** Opening Information block **

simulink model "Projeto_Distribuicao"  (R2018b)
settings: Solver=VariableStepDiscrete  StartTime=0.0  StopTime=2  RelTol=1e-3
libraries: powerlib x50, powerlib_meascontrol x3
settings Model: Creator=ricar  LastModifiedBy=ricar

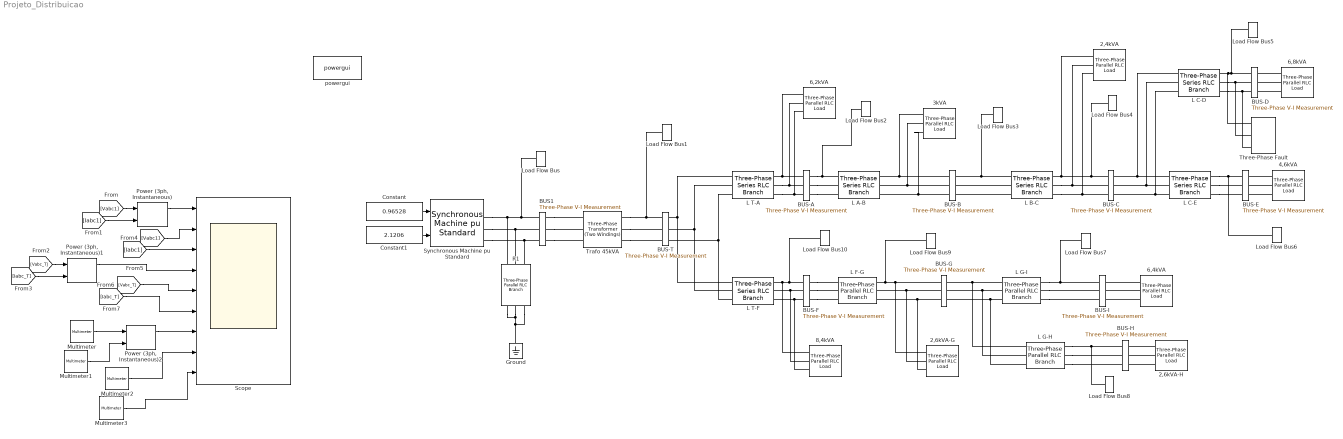
== system Projeto_Distribuicao ==
  2,4kVA : powerlib/Elements/Three-Phase Parallel RLC Load  LConnTagsString=A|B|C  Configuration=Y (grounded)  NominalVoltage=380  Vabc=[1e3 1e3 1e3]  Vabcp=[1e3 1e3 1e3]  NominalFrequency=60  UnbalancedPower=off  ActivePower=2.4e3  InductivePower=0  CapacitivePower=0  Pabc=[10e3 9e3 11e3]  QLabc=[100 90 110]  QCabc=[100 90 110]  Pabcp=[10e3 9e3 11e3]  QLabcp=[100 90 110]  QCabcp=[100 90 110]  Measurements=Branch voltages and currents  LoadType=constant Z
  2,6kVA-G : powerlib/Elements/Three-Phase Parallel RLC Load  LConnTagsString=A|B|C  Configuration=Y (grounded)  NominalVoltage=380  Vabc=[1e3 1e3 1e3]  Vabcp=[1e3 1e3 1e3]  NominalFrequency=60  UnbalancedPower=off  ActivePower=2.6e3  InductivePower=0  CapacitivePower=0  Pabc=[10e3 9e3 11e3]  QLabc=[100 90 110]  QCabc=[100 90 110]  Pabcp=[10e3 9e3 11e3]  QLabcp=[100 90 110]  QCabcp=[100 90 110]  Measurements=Branch voltages and currents  LoadType=constant Z
  2,6kVA-H : powerlib/Elements/Three-Phase Parallel RLC Load  LConnTagsString=A|B|C  Configuration=Y (grounded)  NominalVoltage=380  Vabc=[1e3 1e3 1e3]  Vabcp=[1e3 1e3 1e3]  NominalFrequency=60  UnbalancedPower=off  ActivePower=2.6e3  InductivePower=0  CapacitivePower=0  Pabc=[10e3 9e3 11e3]  QLabc=[100 90 110]  QCabc=[100 90 110]  Pabcp=[10e3 9e3 11e3]  QLabcp=[100 90 110]  QCabcp=[100 90 110]  Measurements=Branch voltages and currents  LoadType=constant Z
  3kVA : powerlib/Elements/Three-Phase Parallel RLC Load  LConnTagsString=A|B|C  Configuration=Y (grounded)  NominalVoltage=380  Vabc=[1e3 1e3 1e3]  Vabcp=[1e3 1e3 1e3]  NominalFrequency=60  UnbalancedPower=off  ActivePower=3e3  InductivePower=0  CapacitivePower=0  Pabc=[10e3 9e3 11e3]  QLabc=[100 90 110]  QCabc=[100 90 110]  Pabcp=[10e3 9e3 11e3]  QLabcp=[100 90 110]  QCabcp=[100 90 110]  Measurements=Branch voltages and currents  LoadType=constant Z
  4,6kVA : powerlib/Elements/Three-Phase Parallel RLC Load  LConnTagsString=A|B|C  Configuration=Y (grounded)  NominalVoltage=380  Vabc=[1e3 1e3 1e3]  Vabcp=[1e3 1e3 1e3]  NominalFrequency=60  UnbalancedPower=off  ActivePower=4.6e3  InductivePower=0  CapacitivePower=0  Pabc=[10e3 9e3 11e3]  QLabc=[100 90 110]  QCabc=[100 90 110]  Pabcp=[10e3 9e3 11e3]  QLabcp=[100 90 110]  QCabcp=[100 90 110]  Measurements=Branch voltages and currents  LoadType=constant Z
  6,2kVA : powerlib/Elements/Three-Phase Parallel RLC Load  LConnTagsString=A|B|C  Configuration=Y (grounded)  NominalVoltage=380  Vabc=[1e3 1e3 1e3]  Vabcp=[1e3 1e3 1e3]  NominalFrequency=60  UnbalancedPower=off  ActivePower=6.2e3  InductivePower=0  CapacitivePower=0  Pabc=[10e3 9e3 11e3]  QLabc=[100 90 110]  QCabc=[100 90 110]  Pabcp=[10e3 9e3 11e3]  QLabcp=[100 90 110]  QCabcp=[100 90 110]  Measurements=Branch voltages and currents  LoadType=constant Z
  6,4kVA : powerlib/Elements/Three-Phase Parallel RLC Load  LConnTagsString=A|B|C  Configuration=Y (grounded)  NominalVoltage=380  Vabc=[1e3 1e3 1e3]  Vabcp=[1e3 1e3 1e3]  NominalFrequency=60  UnbalancedPower=off  ActivePower=6.4e3  InductivePower=0  CapacitivePower=0  Pabc=[10e3 9e3 11e3]  QLabc=[100 90 110]  QCabc=[100 90 110]  Pabcp=[10e3 9e3 11e3]  QLabcp=[100 90 110]  QCabcp=[100 90 110]  Measurements=Branch voltages and currents  LoadType=constant Z
  6,8kVA : powerlib/Elements/Three-Phase Parallel RLC Load  LConnTagsString=A|B|C  Configuration=Y (grounded)  NominalVoltage=380  Vabc=[1e3 1e3 1e3]  Vabcp=[1e3 1e3 1e3]  NominalFrequency=60  UnbalancedPower=off  ActivePower=6.8e3  InductivePower=0  CapacitivePower=0  Pabc=[10e3 9e3 11e3]  QLabc=[100 90 110]  QCabc=[100 90 110]  Pabcp=[10e3 9e3 11e3]  QLabcp=[100 90 110]  QCabcp=[100 90 110]  Measurements=Branch voltages and currents  LoadType=constant Z
  8,4kVA : powerlib/Elements/Three-Phase Parallel RLC Load  LConnTagsString=A|B|C  Configuration=Y (grounded)  NominalVoltage=380  Vabc=[1e3 1e3 1e3]  Vabcp=[1e3 1e3 1e3]  NominalFrequency=60  UnbalancedPower=off  ActivePower=8.4e3  InductivePower=0  CapacitivePower=0  Pabc=[10e3 9e3 11e3]  QLabc=[100 90 110]  QCabc=[100 90 110]  Pabcp=[10e3 9e3 11e3]  QLabcp=[100 90 110]  QCabcp=[100 90 110]  Measurements=Branch voltages and currents  LoadType=constant Z
  BUS-A : powerlib/Measurements/Three-Phase V-I Measurement  VoltageMeasurement=phase-to-ground  SetLabelV=on  LabelV=Vabc_A  Vpu=off  VpuLL=off  CurrentMeasurement=yes  SetLabelI=on  LabelI=Iabc_A  Ipu=off  Pbase=100e6  Vbase=500e3  OutputType=Complex  PhasorSimulation=off  PSBequivalent=0
  BUS-B : powerlib/Measurements/Three-Phase V-I Measurement  VoltageMeasurement=phase-to-ground  SetLabelV=on  LabelV=Vabc_B  Vpu=off  VpuLL=off  CurrentMeasurement=yes  SetLabelI=on  LabelI=Iabc_B  Ipu=off  Pbase=100e6  Vbase=500e3  OutputType=Complex  PhasorSimulation=off  PSBequivalent=0
  BUS-C : powerlib/Measurements/Three-Phase V-I Measurement  VoltageMeasurement=phase-to-ground  SetLabelV=on  LabelV=Vabc_C  Vpu=off  VpuLL=off  CurrentMeasurement=yes  SetLabelI=on  LabelI=Iabc_C  Ipu=off  Pbase=100e6  Vbase=500e3  OutputType=Complex  PhasorSimulation=off  PSBequivalent=0
  BUS-D : powerlib/Measurements/Three-Phase V-I Measurement  VoltageMeasurement=phase-to-ground  SetLabelV=on  LabelV=Vabc_D  Vpu=off  VpuLL=off  CurrentMeasurement=yes  SetLabelI=on  LabelI=Iabc_D  Ipu=off  Pbase=100e6  Vbase=500e3  OutputType=Complex  PhasorSimulation=off  PSBequivalent=0
  BUS-E : powerlib/Measurements/Three-Phase V-I Measurement  VoltageMeasurement=phase-to-ground  SetLabelV=on  LabelV=Vabc_E  Vpu=off  VpuLL=off  CurrentMeasurement=yes  SetLabelI=on  LabelI=Iabc_E  Ipu=off  Pbase=100e6  Vbase=500e3  OutputType=Complex  PhasorSimulation=off  PSBequivalent=0
  BUS-F : powerlib/Measurements/Three-Phase V-I Measurement  VoltageMeasurement=phase-to-ground  SetLabelV=on  LabelV=Vabc_F  Vpu=off  VpuLL=off  CurrentMeasurement=yes  SetLabelI=on  LabelI=Iabc_F  Ipu=off  Pbase=100e6  Vbase=500e3  OutputType=Complex  PhasorSimulation=off  PSBequivalent=0
  BUS-G : powerlib/Measurements/Three-Phase V-I Measurement  VoltageMeasurement=phase-to-ground  SetLabelV=on  LabelV=Vabc_G  Vpu=off  VpuLL=off  CurrentMeasurement=yes  SetLabelI=on  LabelI=Iabc_G  Ipu=off  Pbase=100e6  Vbase=500e3  OutputType=Complex  PhasorSimulation=off  PSBequivalent=0
  BUS-H : powerlib/Measurements/Three-Phase V-I Measurement  VoltageMeasurement=phase-to-ground  SetLabelV=on  LabelV=Vabc_H  Vpu=off  VpuLL=off  CurrentMeasurement=yes  SetLabelI=on  LabelI=Iabc_H  Ipu=off  Pbase=100e6  Vbase=500e3  OutputType=Complex  PhasorSimulation=off  PSBequivalent=0
  BUS-I : powerlib/Measurements/Three-Phase V-I Measurement  VoltageMeasurement=phase-to-ground  SetLabelV=on  LabelV=Vabc_I  Vpu=off  VpuLL=off  CurrentMeasurement=yes  SetLabelI=on  LabelI=Iabc_I  Ipu=off  Pbase=100e6  Vbase=500e3  OutputType=Complex  PhasorSimulation=off  PSBequivalent=0
  BUS-T : powerlib/Measurements/Three-Phase V-I Measurement  VoltageMeasurement=phase-to-ground  SetLabelV=on  LabelV=Vabc_T  Vpu=off  VpuLL=off  CurrentMeasurement=yes  SetLabelI=on  LabelI=Iabc_T  Ipu=off  Pbase=100e6  Vbase=500e3  OutputType=Complex  PhasorSimulation=off  PSBequivalent=0
  BUS1 : powerlib/Measurements/Three-Phase V-I Measurement  VoltageMeasurement=phase-to-ground  SetLabelV=on  LabelV=Vabc1  Vpu=off  VpuLL=off  CurrentMeasurement=yes  SetLabelI=on  LabelI=Iabc1  Ipu=off  Pbase=100e6  Vbase=500e3  OutputType=Complex  PhasorSimulation=off  PSBequivalent=0
  Constant : Constant  Value=0.96528
  Constant1 : Constant  Value=2.1206
  Ground : powerlib/Elements/Ground  LConnTagsString=a
  L A-B : powerlib/Elements/Three-Phase Series RLC Branch  LConnTagsString=A|B|C  RConnTagsString=A|B|C  BranchType=R  Resistance=0.032585  Inductance=1e-3  Capacitance=1e-6  Measurements=None
  L B-C : powerlib/Elements/Three-Phase Series RLC Branch  LConnTagsString=A|B|C  RConnTagsString=A|B|C  BranchType=R  Resistance=0.0300125  Inductance=1e-3  Capacitance=1e-6  Measurements=None
  L C-D : powerlib/Elements/Three-Phase Series RLC Branch  LConnTagsString=A|B|C  RConnTagsString=A|B|C  BranchType=R  Resistance=0.0343  Inductance=1e-3  Capacitance=1e-6  Measurements=None
  L C-E : powerlib/Elements/Three-Phase Series RLC Branch  LConnTagsString=A|B|C  RConnTagsString=A|B|C  BranchType=R  Resistance=0.0343  Inductance=1e-3  Capacitance=1e-6  Measurements=None
  L F-G : powerlib/Elements/Three-Phase Parallel RLC Branch  LConnTagsString=A|B|C  RConnTagsString=A|B|C  BranchType=R  Resistance=0.0188531  Inductance=0  Capacitance=0  Measurements=None
      settings: SourceProductName=Simscape Power Systems  SourceProductBaseCode=PS
  L G-H : powerlib/Elements/Three-Phase Parallel RLC Branch  LConnTagsString=A|B|C  RConnTagsString=A|B|C  BranchType=R  Resistance=0.042875  Inductance=0  Capacitance=0  Measurements=None
      settings: SourceProductName=Simscape Power Systems  SourceProductBaseCode=PS
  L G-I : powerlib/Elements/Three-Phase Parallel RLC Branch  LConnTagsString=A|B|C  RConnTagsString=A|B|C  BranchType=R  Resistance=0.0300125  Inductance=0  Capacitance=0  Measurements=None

** Closing Information block **

| Instructions to follow |
Which lines of the records above hold the word "Resistance"? Copy each one out.

| Final answer |
  L A-B : powerlib/Elements/Three-Phase Series RLC Branch  LConnTagsString=A|B|C  RConnTagsString=A|B|C  BranchType=R  Resistance=0.032585  Inductance=1e-3  Capacitance=1e-6  Measurements=None
  L B-C : powerlib/Elements/Three-Phase Series RLC Branch  LConnTagsString=A|B|C  RConnTagsString=A|B|C  BranchType=R  Resistance=0.0300125  Inductance=1e-3  Capacitance=1e-6  Measurements=None
  L C-D : powerlib/Elements/Three-Phase Series RLC Branch  LConnTagsString=A|B|C  RConnTagsString=A|B|C  BranchType=R  Resistance=0.0343  Inductance=1e-3  Capacitance=1e-6  Measurements=None
  L C-E : powerlib/Elements/Three-Phase Series RLC Branch  LConnTagsString=A|B|C  RConnTagsString=A|B|C  BranchType=R  Resistance=0.0343  Inductance=1e-3  Capacitance=1e-6  Measurements=None
  L F-G : powerlib/Elements/Three-Phase Parallel RLC Branch  LConnTagsString=A|B|C  RConnTagsString=A|B|C  BranchType=R  Resistance=0.0188531  Inductance=0  Capacitance=0  Measurements=None
  L G-H : powerlib/Elements/Three-Phase Parallel RLC Branch  LConnTagsString=A|B|C  RConnTagsString=A|B|C  BranchType=R  Resistance=0.042875  Inductance=0  Capacitance=0  Measurements=None
  L G-I : powerlib/Elements/Three-Phase Parallel RLC Branch  LConnTagsString=A|B|C  RConnTagsString=A|B|C  BranchType=R  Resistance=0.0300125  Inductance=0  Capacitance=0  Measurements=None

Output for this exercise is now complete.